Пусть в Киеве с содроганием ожидают, что в Вашингтоне произойдёт смена одной правящей партии на другую. Им это действительно важно, поскольку речь идёт об их хозяевах. А мы суверенны. И именно поэтому у нас в Америке ни друзей, ни союзников нет. У демократов и республиканцев может разниться тактика по отношению к нам. А стратегически и те, и другие намерены нас уничтожить. Не понимать это может только пресловутый русский либерал, о котором Достоевский (на прошлой неделе мы отмечали 201-ю годовщину рождения великого русского писателя) говорил, что он никакой не русский. Вот его характеристика этой публики:
«Русский либерал дошёл до того, что отрицает самую Россию, то есть ненавидит и бьёт свою мать.
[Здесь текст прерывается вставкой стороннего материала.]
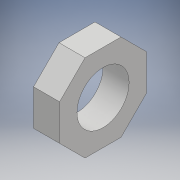
# Autodesk Inventor part: Nuy
Saved by Autodesk Inventor 2018 (Build 220112000, 112)
## iProperties
Created: 2019-05-13
Part Number: Nuy
Material: Generic
Document SubType Name: Modeling
Designer: aal_9
Density: 1 g/cm^3
Appearance: Default
Author: aal_9
Autodesk Inventor part; units mm, degrees
ref_plane "YZ Plane" through (0, 0, 0) normal (1, 0, 0) x (0, 1, 0)
ref_plane "XZ Plane" through (0, 0, 0) normal (0, 1, 0) x (-1, 0, 0)
ref_plane "XY Plane" through (0, 0, 0) normal (0, 0, 1) x (1, 0, 0)
sketch "Sketch1" plane through (0, 0, 0) normal (1, 0, 0) x (0, 1, 0)
  line L0 (-2.0698, 5.0005) -> (2.0723, 4.9995)
  line L1 (2.0723, 4.9995) -> (5.0005, 2.0698)
  line L2 (5.0005, 2.0698) -> (4.9995, -2.0723)
  line L3 (4.9995, -2.0723) -> (2.0698, -5.0005)
  line L4 (2.0698, -5.0005) -> (-2.0723, -4.9995)
  line L5 (-2.0723, -4.9995) -> (-5.0005, -2.0698)
  line L6 (-5.0005, -2.0698) -> (-4.9995, 2.0723)
  line L7 (-4.9995, 2.0723) -> (-2.0698, 5.0005)
  circle A0 centre (0, 0) radius 3
  dimension "d0" = 5
  dimension "d1" = 6
  constraints: 16 end point, 2 coincident, 1 centre point, 17 other
  measures "d0" distance from line of L2 point (0, 0)
  measures "d1" diameter of A0
extrude "Extrusion1" add sketch "Sketch1" along normal blind 3
body "Solid1"
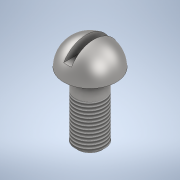
# Autodesk Inventor part: Parafuso
Saved by Autodesk Inventor 2021 (Build 250183000, 183)
## iProperties
Created: 2021-04-08
Part Number: Parafuso
Material: Genérico
Document SubType Name: Modeling
Designer: rubia
Density: 1 g/cm^3
Appearance: Inoxidável - Escovado
Author: rubia
Autodesk Inventor part; units mm, degrees
ref_plane "YZ Plane" through (0, 0, 0) normal (1, 0, 0) x (0, 1, 0)
ref_plane "XY Plane" through (0, 0, 0) normal (0, 0, 1) x (1, 0, 0)
sketch "Esboço1" plane through (0, 0, 0) normal (0, 0, 1) x (1, 0, 0)
  line L0 (-2.25, 0) -> (-2.25, -10)
  line L1 (-2.25, -10) -> (0, -10)
  line L2 (0, -10) -> (0, 0)
  line L3 (0, 0) -> (0, 4)
  line L4 (-2.25, 0) -> (-4, 0)
  arc A0 (0, 4) -> (-4, 0) centre (0, 0) ccw
  dimension "d1" = 2.25
  dimension "d2" = 10
  constraints: 10 end point, 2 point on circle, 1 centre point, 1 coincident, 1 parallel, 1 perpendicular, 1 vertical
  measures "d1" distance of L1.end L0.end
  measures "d2" distance of L0.end L0.start
revolve "Revolução1" add sketch "Esboço1" angle 360 about axis through (0, -10, 0) along (0, 1, 0)
thread "Rosca1" size "M4.5x0.5" class "6g" standard "ANSI Metric M Profile" length 7
chamfer "Chanfro1" distance 0.4 angle 45 1 edges at (2.25, -10, 0)
ref_plane "Plano de trabalho1" through (0, 4, 0) normal (0, 1, 0) x (-1, 0, 0)
sketch "Esboço2" plane through (0, 4, 0) normal (0, 1, 0) x (-1, 0, 0)
  line L0 (0.6, -6.0887) -> (-0.6, -6.0887)
  line L1 (-0.6, -6.0887) -> (-0.6, 6.0887)
  line L2 (-0.6, 6.0887) -> (0.6, 6.0887)
  line L3 (0.6, 6.0887) -> (0.6, -6.0887)
  line L4 (0.6, -6.0887) -> (-0.6, 6.0887) construction
  line L5 (-0.6, -6.0887) -> (0.6, 6.0887) construction
  point P0 (0, 0)
  dimension "d10" = 1.2
  constraints: 12 end point, 2 midpoint, 2 parallel, 1 horizontal, 1 perpendicular
  measures "d10" distance of L1.end L2.end
extrude "Extrusão1" cut sketch "Esboço2" against normal blind 2
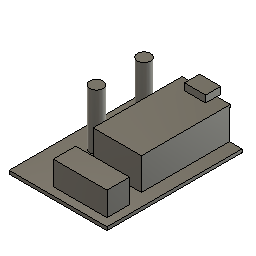
F000120 - Protoype Ingun Switch Case Assembly v8 (Autodesk Fusion 360 archive; units mm, degrees)
design "F000117 - Prototype Ingun Switch Breakout"
Autodesk Fusion 360 part; units mm, degrees
sketch "Sketch1" plane through (0, 0, 0) normal (0, 1, 0) x (1, 0, 0)
  line L0 (0, 0) -> (37, 0)
  line L1 (37, 0) -> (37, 51)
  line L2 (37, 51) -> (0, 51)
  line L3 (0, 51) -> (0, 0)
  line L4 (13.7, 3) -> (34, 3)
  line L5 (34, 3) -> (34, 11.5)
  line L6 (34, 11.5) -> (13.7, 11.5)
  line L7 (13.7, 11.5) -> (13.7, 3)
  line L8 (14, 17.75) -> (32.25, 17.75)
  line L9 (32.25, 17.75) -> (32.25, 51.35)
  line L10 (32.25, 51.35) -> (14, 51.35)
  line L11 (14, 51.35) -> (14, 17.75)
  line L12 (19.125, 47.15) -> (27.125, 47.15)
  line L13 (27.125, 47.15) -> (27.125, 52.85)
  line L14 (27.125, 52.85) -> (19.125, 52.85)
  line L15 (19.125, 52.85) -> (19.125, 47.15)
  circle A0 centre (9.5, 41.5) radius 2.5
  circle A1 centre (9.5, 23.5) radius 2.5
  dimension "d1" = 37
  dimension "d2" = 51
  dimension "d3" = 3
  dimension "d4" = 3
  dimension "d5" = 20.3
  dimension "d6" = 8.5
  dimension "d7" = 6.25
  dimension "d8" = 18.25
  dimension "d9" = 4.75
  dimension "d10" = 33.6
  dimension "d11" = 5.7
  dimension "d12" = 8
  dimension "d13" = 5.125
  dimension "d15" = 1.5
  dimension "d16" = 9.5
  dimension "d17" = 9.5
  dimension "d18" = 5
  dimension "d19" = 27.5
  constraint horizontal L0
  constraint vertical L1
  constraint horizontal L2
  constraint vertical L3
  constraint coincident L0.start L3.end
  constraint horizontal L4
  constraint vertical L5
  constraint horizontal L6
  constraint vertical L7
  constraint horizontal L8
  constraint vertical L9
  constraint horizontal L10
  constraint vertical L11
  constraint horizontal L12
  constraint vertical L13
  constraint horizontal L14
  constraint vertical L15
  constraint equal A0 A1
  constraint vertical A0.centre A1.centre
  measures "d1" distance of L0.start L0.end
  measures "d2" distance of L0.start L2.end
  measures "d3" distance of L0 L4
  measures "d4" distance of L1 L5
  measures "d5" distance of L4.start L4.end
  measures "d6" distance of L4.start L6.end
  measures "d7" distance of L6 L8
  measures "d8" distance of L8.start L8.end
  measures "d9" distance of L1 L9
  measures "d10" distance of L8.end L9.end
  measures "d11" distance of L12.start L14.end
  measures "d12" distance of L13.end L14.end
  measures "d13" distance of L11 L15
  measures "d15" distance of L10 L14
  measures "d16" distance of L2 A0.centre
  measures "d17" distance of L3 A0.centre
  measures "d18" diameter of A0
  measures "d19" distance of L2 A1.centre
extrude "Extrude1" add sketch "Sketch1" against normal blind 1.25 contours L0 L1 L2 L3 L8 L9 L11 | L2 L8 L9 L11 L12 L13 L15 | L2 L12 L13 L15 | L4 L5 L6 L7 | A0 | A1
extrude "Extrude2" add sketch "Sketch1" along normal blind 9 contours L4 L5 L6 L7
extrude "Extrude3" add sketch "Sketch1" along normal blind 11 contours L2 L8 L9 L11 L12 L13 L15 | L2 L12 L13 L15
sketch "Sketch3" plane through (0, 11, 0) normal (0, 1, 0) x (-1, 0, 0)
  line L0 (-32.25, -51) -> (-14, -51)
  line L1 (-14, -51) -> (-14, -17.75)
  line L2 (-14, -17.75) -> (-32.25, -17.75)
  line L3 (-32.25, -17.75) -> (-32.25, -51)
  line L4 (-14, -17.75) -> (-32.25, -17.75)
  line L5 (-32.25, -17.75) -> (-32.25, -51.35)
  line L6 (-32.25, -51.35) -> (-14, -51.35)
  line L7 (-14, -51.35) -> (-14, -17.75)
  dimension "d26" = 33.6
  dimension "d27" = 18.25
  constraint horizontal L4
  constraint vertical L5
  constraint horizontal L6
  constraint vertical L7
  constraint coincident L1.end L2.start
  measures "d26" distance of L2.end L5.end
  measures "d27" distance of L5.end L6.end
extrude "Extrude4" add sketch "Sketch3" along normal blind 1
sketch "Sketch4" plane through (0, 12, 0) normal (0, 1, 0) x (-1, 0, 0)
  line L0 (-14, -51.35) -> (-14, -17.75)
  line L1 (-14, -17.75) -> (-32.25, -17.75)
  line L2 (-32.25, -17.75) -> (-32.25, -51.35)
  line L3 (-32.25, -51.35) -> (-14, -51.35)
  line L4 (-19.125, -47.15) -> (-27.125, -47.15)
  line L5 (-27.125, -47.15) -> (-27.125, -52.85)
  line L6 (-27.125, -52.85) -> (-19.125, -52.85)
  line L7 (-19.125, -52.85) -> (-19.125, -47.15)
  line L8 (-32.25, -51.35) -> (-14, -51.35)
  dimension "d30" = 5.125
  dimension "d31" = 8
  dimension "d32" = 5.7
  dimension "d33" = 1.5
  constraint horizontal L4
  constraint vertical L5
  constraint horizontal L6
  constraint vertical L7
  measures "d30" distance of L0.start L7
  measures "d31" distance of L5.end L6.end
  measures "d32" distance of L4.start L6.end
  measures "d33" distance of L6 L8
extrude "Extrude5" add sketch "Sketch4" along normal blind 2.6 contours L3 L5 L6 L7 L8 | L3 L4 L5 L7 L8
extrude "Extrude6" add sketch "Sketch1" along normal blind 21 contours A0 | A1
sketch "Sketch6" plane through (0, -1.25, 0) normal (0, -1, 0) x (1, 0, 0)
  line L0 (0, 0) -> (0, -51)
  line L1 (0, -51) -> (37, -51)
  line L2 (37, -51) -> (37, 0)
  line L3 (37, 0) -> (0, 0)
  line L4 (4, -4) -> (33, -4)
  line L5 (33, -4) -> (33, -49)
  line L6 (33, -49) -> (4, -49)
  line L7 (4, -49) -> (4, -4)
  dimension "d38" = 2
  dimension "d39" = 4
  dimension "d41" = 4
  dimension "d42" = 4
  dimension "d45" = 29
  dimension "d46" = 45
  constraint horizontal L4
  constraint vertical L5
  constraint horizontal L6
  constraint vertical L7
  measures "d38" distance of L1 L6
  measures "d39" distance of L0 L7
  measures "d41" distance of L2 L5
  measures "d42" distance of L3 L4
  measures "d45" distance of L4.start L4.end
  measures "d46" distance of L4.start L6.end
extrude "Extrude7" [suppressed]

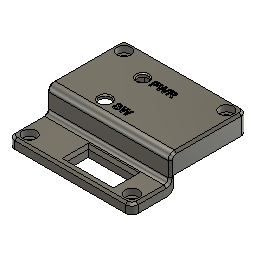
design "F000119 - Case Top"
Autodesk Fusion 360 part; units mm, degrees
sketch "Sketch1" plane through (0, 0, 0) normal (0, 1, 0) x (1, 0, 0)
  line L0 (0, 0) -> (59, 0)
  line L1 (59, 0) -> (59, 56.2)
  line L2 (59, 56.2) -> (0, 56.2)
  line L3 (0, 56.2) -> (0, 0)
  line L4 (23.85, 14.25) -> (45.85, 14.25)
  line L5 (45.85, 14.25) -> (45.85, 4.25)
  line L6 (45.85, 4.25) -> (23.85, 4.25)
  line L7 (23.85, 4.25) -> (23.85, 14.25)
  line L8 (0, 18.25) -> (59, 18.25)
  line L9 (0, 19.85) -> (59, 19.85)
  dimension "d1" = 59
  dimension "d2" = 56.2
  dimension "d3" = 13.15
  dimension "d4" = 10
  dimension "d5" = 22
  dimension "d6" = 4.25
  dimension "d11" = 4
  dimension "d12" = 1.6
  constraint horizontal L0
  constraint vertical L1
  constraint horizontal L2
  constraint vertical L3
  constraint coincident L0.start L3.end
  constraint horizontal L4
  constraint vertical L5
  constraint horizontal L6
  constraint vertical L7
  constraint coincident L3 L8.start
  constraint coincident L1 L8.end
  constraint perpendicular L1 L8
  constraint coincident L3 L9.start
  constraint coincident L1 L9.end
  constraint perpendicular L1 L9
  measures "d1" distance of L0.start L0.end
  measures "d2" distance of L0.start L2.end
  measures "d3" distance of L1 L5
  measures "d4" distance of L4.end L5.end
  measures "d5" distance of L4.start L4.end
  measures "d11" distance of L4 L8
  measures "d12" distance of L8 L9
  measures "d24" distance of L0.start
  measures "d34" distance of L0.start
  measures "d51" distance of L0.start
extrude "Extrude1" add sketch "Sketch1" against normal blind 4.6 contours L0 L1 L3 L8 | L1 L3 L8 L9
extrude "Extrude2" add sketch "Sketch1" along normal blind 10.45 contours L1 L3 L8 L9
sketch "Sketch2" plane through (0, 10.45, 0) normal (0, 1, 0) x (-1, 0, 0)
  line L0 (0, -18.25) -> (-59, -18.25)
  line L1 (-59, -18.25) -> (-59, -19.85)
  line L2 (-59, -19.85) -> (0, -19.85)
  line L3 (0, -19.85) -> (0, -18.25)
  line L4 (0, -18.25) -> (-59, -18.25)
  line L5 (-59, -18.25) -> (-59, -55.2)
  line L6 (-59, -55.2) -> (0, -55.2)
  line L7 (0, -55.2) -> (0, -18.25)
  dimension "d15" = 36.95
  dimension "d16" = 59
  constraint horizontal L4
  constraint vertical L5
  constraint horizontal L6
  constraint vertical L7
  constraint coincident L0.start L3.end
  measures "d15" distance of L0.start L6.end
  measures "d16" distance of L5.end L6.end
extrude "Extrude3" add sketch "Sketch2" along normal blind 1.6
fillet "Fillet1" radius 2 1 edges at (29.5, 0, -18.25)
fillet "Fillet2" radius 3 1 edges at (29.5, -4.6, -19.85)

Каждый несчастный и неудачный русский факт возбуждает в нём смех и чуть не восторг. Он ненавидит народные обычаи, русскую историю, всё. Если есть для него оправдание, так разве в том, что он не понимает, что делает, и свою ненависть к России принимает за самый плодотворный либерализм».
Кстати, если заменить в этом изречении понятие «русский либерал» на понятие «украинский националист», оно было бы таким же верным определением. Потому, наверное, наши либералы так легко находят общий язык с укро-нацистами.
Вот такой альянс получается: американский двухпартийный консенсус, которому в рот заглядывают доморощенные либералы и который содержит русофобский режим в Киеве.
И весь этот гадючий клубок жаждет нашего поражения и последующего уничтожения как суверенного государства, как оригинальной культуры, как уникальной цивилизации.
Чтобы лишить их иллюзий на этот счёт, нам нужны не республиканцы в Капитолии или в Белом доме, а военная победа. Только она утвердит нашу суверенность. Так было всегда, и так всегда будет.
Поэтому поддержка нашей армии, её всестороннее укрепление и воодушевление — вот наши ближайшие задачи, наш гражданский долг и патриотическая обязанность.